# Activity
From the entries, copy every line that carries the string "DelayedSafeSensorBus".

======

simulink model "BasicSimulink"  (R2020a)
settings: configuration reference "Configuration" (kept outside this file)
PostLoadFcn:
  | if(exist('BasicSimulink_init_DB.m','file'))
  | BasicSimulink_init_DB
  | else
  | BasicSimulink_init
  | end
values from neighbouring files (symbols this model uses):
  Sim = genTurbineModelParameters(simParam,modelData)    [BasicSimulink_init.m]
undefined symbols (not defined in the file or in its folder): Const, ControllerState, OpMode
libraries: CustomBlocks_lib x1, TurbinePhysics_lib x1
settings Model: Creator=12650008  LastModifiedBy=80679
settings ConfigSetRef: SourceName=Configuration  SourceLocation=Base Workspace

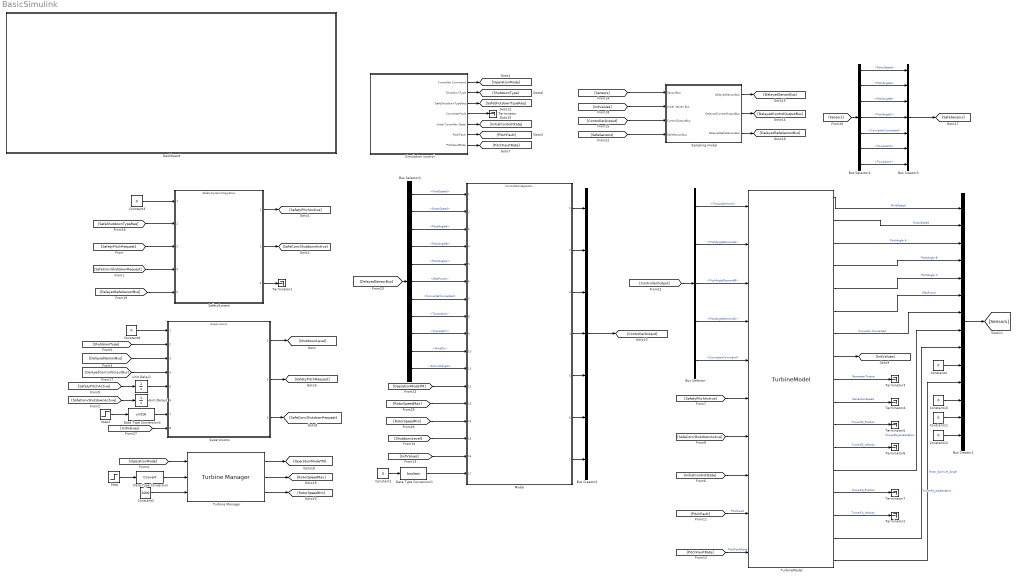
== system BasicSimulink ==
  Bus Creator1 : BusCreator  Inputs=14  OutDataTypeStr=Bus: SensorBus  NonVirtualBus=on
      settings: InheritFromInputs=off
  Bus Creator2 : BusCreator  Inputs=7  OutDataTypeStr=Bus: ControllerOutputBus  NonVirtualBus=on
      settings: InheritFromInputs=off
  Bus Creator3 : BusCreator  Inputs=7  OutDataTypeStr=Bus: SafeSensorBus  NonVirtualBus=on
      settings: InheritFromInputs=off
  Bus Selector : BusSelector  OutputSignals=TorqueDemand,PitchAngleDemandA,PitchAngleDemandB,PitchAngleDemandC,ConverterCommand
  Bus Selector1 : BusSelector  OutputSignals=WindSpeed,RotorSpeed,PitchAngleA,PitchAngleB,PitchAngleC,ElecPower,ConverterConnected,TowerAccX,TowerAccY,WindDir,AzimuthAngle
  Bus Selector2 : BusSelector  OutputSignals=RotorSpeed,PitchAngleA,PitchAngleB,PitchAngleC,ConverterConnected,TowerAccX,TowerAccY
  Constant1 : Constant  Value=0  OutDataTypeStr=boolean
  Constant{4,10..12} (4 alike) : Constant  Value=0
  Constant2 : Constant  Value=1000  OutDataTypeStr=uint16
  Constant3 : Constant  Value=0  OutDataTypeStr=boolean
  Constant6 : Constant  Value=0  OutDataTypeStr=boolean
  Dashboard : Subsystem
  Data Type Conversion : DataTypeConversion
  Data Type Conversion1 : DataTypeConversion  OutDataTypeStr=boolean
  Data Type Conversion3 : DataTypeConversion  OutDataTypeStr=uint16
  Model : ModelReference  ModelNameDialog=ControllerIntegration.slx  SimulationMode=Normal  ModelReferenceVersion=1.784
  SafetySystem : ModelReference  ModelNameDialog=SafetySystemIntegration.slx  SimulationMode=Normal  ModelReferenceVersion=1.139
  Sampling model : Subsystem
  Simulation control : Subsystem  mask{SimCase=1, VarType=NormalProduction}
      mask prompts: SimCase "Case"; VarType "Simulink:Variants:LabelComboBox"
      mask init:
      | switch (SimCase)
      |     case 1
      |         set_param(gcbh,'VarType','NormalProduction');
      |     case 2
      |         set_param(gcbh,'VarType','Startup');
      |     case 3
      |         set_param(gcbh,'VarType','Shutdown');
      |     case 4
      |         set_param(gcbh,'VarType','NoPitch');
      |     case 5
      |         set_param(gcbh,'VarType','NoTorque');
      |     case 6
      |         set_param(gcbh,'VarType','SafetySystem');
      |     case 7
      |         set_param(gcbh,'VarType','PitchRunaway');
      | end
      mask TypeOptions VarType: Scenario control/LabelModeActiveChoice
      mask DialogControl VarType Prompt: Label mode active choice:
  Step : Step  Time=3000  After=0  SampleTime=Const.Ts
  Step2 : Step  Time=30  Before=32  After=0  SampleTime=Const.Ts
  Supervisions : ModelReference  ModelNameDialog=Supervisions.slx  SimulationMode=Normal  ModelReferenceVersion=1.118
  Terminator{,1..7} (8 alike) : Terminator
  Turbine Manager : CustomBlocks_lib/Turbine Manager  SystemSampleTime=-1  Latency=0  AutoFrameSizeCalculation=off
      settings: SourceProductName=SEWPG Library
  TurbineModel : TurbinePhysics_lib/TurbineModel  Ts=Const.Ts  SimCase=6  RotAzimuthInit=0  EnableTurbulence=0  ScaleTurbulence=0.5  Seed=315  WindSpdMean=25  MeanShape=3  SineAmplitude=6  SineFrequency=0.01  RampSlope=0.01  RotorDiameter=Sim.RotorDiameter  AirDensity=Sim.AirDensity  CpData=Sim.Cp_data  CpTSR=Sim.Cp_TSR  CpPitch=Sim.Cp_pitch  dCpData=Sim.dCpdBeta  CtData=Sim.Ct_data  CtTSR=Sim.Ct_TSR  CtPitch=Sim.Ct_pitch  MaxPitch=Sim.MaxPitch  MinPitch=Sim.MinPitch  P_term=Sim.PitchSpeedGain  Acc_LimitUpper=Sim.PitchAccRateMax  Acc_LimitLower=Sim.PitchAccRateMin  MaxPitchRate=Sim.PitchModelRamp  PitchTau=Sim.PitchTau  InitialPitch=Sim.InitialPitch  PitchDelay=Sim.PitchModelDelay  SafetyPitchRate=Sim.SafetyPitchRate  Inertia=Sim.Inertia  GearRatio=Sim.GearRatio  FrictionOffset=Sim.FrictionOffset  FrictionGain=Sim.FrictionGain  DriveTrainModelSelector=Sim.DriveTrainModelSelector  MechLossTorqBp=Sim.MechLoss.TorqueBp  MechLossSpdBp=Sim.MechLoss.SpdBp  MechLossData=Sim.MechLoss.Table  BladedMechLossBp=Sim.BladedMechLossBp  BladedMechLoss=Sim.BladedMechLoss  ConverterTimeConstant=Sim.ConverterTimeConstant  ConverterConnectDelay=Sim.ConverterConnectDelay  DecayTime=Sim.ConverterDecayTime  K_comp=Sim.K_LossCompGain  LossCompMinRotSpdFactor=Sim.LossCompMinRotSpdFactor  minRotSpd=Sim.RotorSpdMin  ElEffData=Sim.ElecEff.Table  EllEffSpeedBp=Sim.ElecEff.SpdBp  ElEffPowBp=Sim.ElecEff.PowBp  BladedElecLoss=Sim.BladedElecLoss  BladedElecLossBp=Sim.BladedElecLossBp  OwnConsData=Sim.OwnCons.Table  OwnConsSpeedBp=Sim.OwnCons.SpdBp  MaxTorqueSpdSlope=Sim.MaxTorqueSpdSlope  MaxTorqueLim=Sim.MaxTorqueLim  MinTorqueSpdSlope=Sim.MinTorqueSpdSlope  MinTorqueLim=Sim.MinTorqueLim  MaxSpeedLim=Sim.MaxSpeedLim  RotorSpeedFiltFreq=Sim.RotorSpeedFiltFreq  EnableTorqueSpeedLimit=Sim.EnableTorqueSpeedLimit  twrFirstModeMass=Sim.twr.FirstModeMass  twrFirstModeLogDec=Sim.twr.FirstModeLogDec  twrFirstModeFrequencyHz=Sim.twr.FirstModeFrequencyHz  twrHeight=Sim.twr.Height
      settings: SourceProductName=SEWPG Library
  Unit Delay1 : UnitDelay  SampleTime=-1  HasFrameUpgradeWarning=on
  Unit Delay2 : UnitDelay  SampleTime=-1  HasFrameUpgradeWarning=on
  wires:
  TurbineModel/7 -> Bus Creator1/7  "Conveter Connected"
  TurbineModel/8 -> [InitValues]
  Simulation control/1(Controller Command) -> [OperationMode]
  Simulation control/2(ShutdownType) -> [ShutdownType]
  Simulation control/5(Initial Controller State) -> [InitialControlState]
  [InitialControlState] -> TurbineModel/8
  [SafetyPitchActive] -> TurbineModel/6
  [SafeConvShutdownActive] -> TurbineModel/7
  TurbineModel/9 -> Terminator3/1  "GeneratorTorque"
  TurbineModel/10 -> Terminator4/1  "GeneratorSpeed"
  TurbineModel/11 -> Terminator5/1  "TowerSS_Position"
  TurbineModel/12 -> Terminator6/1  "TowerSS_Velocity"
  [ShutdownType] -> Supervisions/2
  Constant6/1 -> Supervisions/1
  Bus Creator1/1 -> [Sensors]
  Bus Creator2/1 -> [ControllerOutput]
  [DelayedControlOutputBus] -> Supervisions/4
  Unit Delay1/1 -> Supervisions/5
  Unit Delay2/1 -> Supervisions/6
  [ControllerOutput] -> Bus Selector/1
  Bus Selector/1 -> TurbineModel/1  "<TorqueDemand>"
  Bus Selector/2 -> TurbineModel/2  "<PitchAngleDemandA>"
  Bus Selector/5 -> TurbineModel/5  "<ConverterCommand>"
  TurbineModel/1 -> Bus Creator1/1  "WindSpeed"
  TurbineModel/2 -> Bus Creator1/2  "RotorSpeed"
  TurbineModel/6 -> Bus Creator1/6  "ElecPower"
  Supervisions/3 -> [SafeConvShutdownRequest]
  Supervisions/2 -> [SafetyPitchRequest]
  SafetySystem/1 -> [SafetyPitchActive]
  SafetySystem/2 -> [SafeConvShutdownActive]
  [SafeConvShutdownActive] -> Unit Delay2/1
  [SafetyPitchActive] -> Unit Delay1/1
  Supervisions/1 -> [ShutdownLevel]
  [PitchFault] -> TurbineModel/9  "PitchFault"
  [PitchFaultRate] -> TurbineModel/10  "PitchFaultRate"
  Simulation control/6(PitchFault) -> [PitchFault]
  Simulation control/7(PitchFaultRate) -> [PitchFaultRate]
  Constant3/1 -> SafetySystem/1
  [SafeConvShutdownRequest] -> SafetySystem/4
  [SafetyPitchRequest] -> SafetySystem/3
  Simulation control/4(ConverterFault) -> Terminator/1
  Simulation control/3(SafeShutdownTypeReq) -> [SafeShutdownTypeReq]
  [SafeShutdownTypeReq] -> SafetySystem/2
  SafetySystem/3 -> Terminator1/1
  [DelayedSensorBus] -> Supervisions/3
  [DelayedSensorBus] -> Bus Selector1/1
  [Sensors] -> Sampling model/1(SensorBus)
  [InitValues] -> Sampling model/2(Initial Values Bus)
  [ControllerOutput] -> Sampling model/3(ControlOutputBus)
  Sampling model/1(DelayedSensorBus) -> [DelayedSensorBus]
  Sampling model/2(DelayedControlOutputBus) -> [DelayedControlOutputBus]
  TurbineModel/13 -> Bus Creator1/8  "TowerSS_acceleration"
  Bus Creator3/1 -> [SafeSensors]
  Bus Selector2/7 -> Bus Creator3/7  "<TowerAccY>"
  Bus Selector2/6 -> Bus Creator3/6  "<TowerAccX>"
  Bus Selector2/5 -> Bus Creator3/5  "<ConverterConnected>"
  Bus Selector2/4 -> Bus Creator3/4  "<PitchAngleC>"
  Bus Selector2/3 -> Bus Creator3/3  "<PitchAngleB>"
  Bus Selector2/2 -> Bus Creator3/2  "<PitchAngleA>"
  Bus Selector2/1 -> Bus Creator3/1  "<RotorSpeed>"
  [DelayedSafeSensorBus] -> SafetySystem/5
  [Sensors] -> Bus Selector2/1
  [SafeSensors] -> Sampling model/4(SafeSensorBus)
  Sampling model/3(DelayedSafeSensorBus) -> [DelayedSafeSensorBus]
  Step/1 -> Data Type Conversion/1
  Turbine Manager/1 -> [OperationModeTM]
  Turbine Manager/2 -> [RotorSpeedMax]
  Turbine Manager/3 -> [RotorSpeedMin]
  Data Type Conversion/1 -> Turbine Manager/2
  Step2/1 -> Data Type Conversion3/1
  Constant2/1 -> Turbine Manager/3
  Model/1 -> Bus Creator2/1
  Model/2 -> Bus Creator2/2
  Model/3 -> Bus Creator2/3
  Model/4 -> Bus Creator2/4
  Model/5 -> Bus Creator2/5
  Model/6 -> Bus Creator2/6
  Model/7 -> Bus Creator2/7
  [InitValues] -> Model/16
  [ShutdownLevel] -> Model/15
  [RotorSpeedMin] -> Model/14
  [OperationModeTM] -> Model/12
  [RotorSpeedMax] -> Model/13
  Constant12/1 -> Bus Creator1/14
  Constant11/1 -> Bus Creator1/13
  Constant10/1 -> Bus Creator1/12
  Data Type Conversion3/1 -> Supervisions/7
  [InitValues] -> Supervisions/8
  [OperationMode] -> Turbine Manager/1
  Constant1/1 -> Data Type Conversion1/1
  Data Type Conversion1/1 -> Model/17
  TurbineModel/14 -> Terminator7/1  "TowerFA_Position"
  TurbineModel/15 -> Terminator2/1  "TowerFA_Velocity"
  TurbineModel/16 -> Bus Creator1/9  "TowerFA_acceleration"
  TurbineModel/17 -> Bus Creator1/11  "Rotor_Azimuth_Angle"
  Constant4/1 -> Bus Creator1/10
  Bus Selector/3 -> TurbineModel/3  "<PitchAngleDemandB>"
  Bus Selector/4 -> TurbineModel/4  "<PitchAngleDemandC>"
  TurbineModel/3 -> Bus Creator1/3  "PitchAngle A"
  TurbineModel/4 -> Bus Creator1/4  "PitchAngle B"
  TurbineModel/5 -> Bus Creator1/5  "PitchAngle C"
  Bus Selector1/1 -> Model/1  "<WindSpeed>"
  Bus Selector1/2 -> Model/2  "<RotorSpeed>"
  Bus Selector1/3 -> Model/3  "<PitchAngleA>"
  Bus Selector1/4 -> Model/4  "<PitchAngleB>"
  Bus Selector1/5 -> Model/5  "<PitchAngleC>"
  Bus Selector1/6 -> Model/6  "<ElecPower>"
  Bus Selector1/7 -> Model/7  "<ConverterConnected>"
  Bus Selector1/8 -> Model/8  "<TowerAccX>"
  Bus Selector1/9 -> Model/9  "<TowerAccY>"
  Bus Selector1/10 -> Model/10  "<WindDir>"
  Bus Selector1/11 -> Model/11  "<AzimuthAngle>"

======

# Task result
  [DelayedSafeSensorBus] -> SafetySystem/5
  Sampling model/3(DelayedSafeSensorBus) -> [DelayedSafeSensorBus]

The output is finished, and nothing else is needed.